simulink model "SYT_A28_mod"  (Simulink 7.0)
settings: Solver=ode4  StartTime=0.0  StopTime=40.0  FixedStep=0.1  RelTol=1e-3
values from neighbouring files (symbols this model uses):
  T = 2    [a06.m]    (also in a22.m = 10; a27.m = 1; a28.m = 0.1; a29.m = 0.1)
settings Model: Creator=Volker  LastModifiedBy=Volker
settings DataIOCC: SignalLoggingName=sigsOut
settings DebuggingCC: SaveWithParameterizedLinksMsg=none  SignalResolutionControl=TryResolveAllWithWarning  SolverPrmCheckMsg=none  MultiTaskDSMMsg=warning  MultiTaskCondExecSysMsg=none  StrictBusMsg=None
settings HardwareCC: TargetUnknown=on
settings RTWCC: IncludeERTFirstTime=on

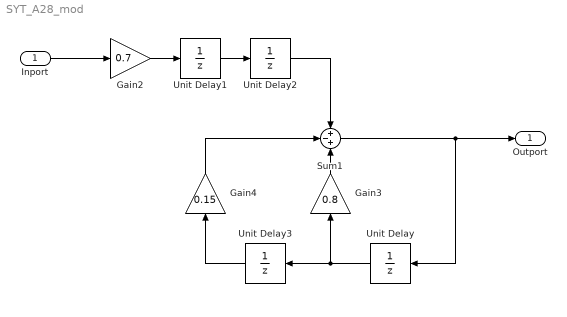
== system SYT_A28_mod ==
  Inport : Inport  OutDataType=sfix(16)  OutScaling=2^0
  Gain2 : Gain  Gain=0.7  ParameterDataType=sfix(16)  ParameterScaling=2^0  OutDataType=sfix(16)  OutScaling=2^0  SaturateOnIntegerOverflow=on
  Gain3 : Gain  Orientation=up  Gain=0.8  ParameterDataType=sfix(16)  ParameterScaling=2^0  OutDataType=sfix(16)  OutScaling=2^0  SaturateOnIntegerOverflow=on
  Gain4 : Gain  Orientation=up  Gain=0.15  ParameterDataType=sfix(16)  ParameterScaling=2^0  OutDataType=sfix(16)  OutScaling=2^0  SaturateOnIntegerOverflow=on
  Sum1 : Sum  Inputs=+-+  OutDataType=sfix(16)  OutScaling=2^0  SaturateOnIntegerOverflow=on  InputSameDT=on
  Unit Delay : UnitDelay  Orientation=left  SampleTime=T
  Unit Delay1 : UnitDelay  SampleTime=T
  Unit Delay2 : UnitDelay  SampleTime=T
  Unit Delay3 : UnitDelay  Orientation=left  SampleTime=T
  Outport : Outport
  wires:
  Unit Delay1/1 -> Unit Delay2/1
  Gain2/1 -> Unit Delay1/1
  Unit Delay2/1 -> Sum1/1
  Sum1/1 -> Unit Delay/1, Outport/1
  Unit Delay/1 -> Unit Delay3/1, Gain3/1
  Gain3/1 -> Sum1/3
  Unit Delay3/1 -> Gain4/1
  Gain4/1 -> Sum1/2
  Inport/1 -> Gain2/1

+---+

## Directions
Your answer should be the lines above from the one that contains "settings HardwareCC: TargetUnknown=on" through the last, set down exactly, with the pictures removed.

## Task output
settings HardwareCC: TargetUnknown=on
settings RTWCC: IncludeERTFirstTime=on

== system SYT_A28_mod ==
  Inport : Inport  OutDataType=sfix(16)  OutScaling=2^0
  Gain2 : Gain  Gain=0.7  ParameterDataType=sfix(16)  ParameterScaling=2^0  OutDataType=sfix(16)  OutScaling=2^0  SaturateOnIntegerOverflow=on
  Gain3 : Gain  Orientation=up  Gain=0.8  ParameterDataType=sfix(16)  ParameterScaling=2^0  OutDataType=sfix(16)  OutScaling=2^0  SaturateOnIntegerOverflow=on
  Gain4 : Gain  Orientation=up  Gain=0.15  ParameterDataType=sfix(16)  ParameterScaling=2^0  OutDataType=sfix(16)  OutScaling=2^0  SaturateOnIntegerOverflow=on
  Sum1 : Sum  Inputs=+-+  OutDataType=sfix(16)  OutScaling=2^0  SaturateOnIntegerOverflow=on  InputSameDT=on
  Unit Delay : UnitDelay  Orientation=left  SampleTime=T
  Unit Delay1 : UnitDelay  SampleTime=T
  Unit Delay2 : UnitDelay  SampleTime=T
  Unit Delay3 : UnitDelay  Orientation=left  SampleTime=T
  Outport : Outport
  wires:
  Unit Delay1/1 -> Unit Delay2/1
  Gain2/1 -> Unit Delay1/1
  Unit Delay2/1 -> Sum1/1
  Sum1/1 -> Unit Delay/1, Outport/1
  Unit Delay/1 -> Unit Delay3/1, Gain3/1
  Gain3/1 -> Sum1/3
  Unit Delay3/1 -> Gain4/1
  Gain4/1 -> Sum1/2
  Inport/1 -> Gain2/1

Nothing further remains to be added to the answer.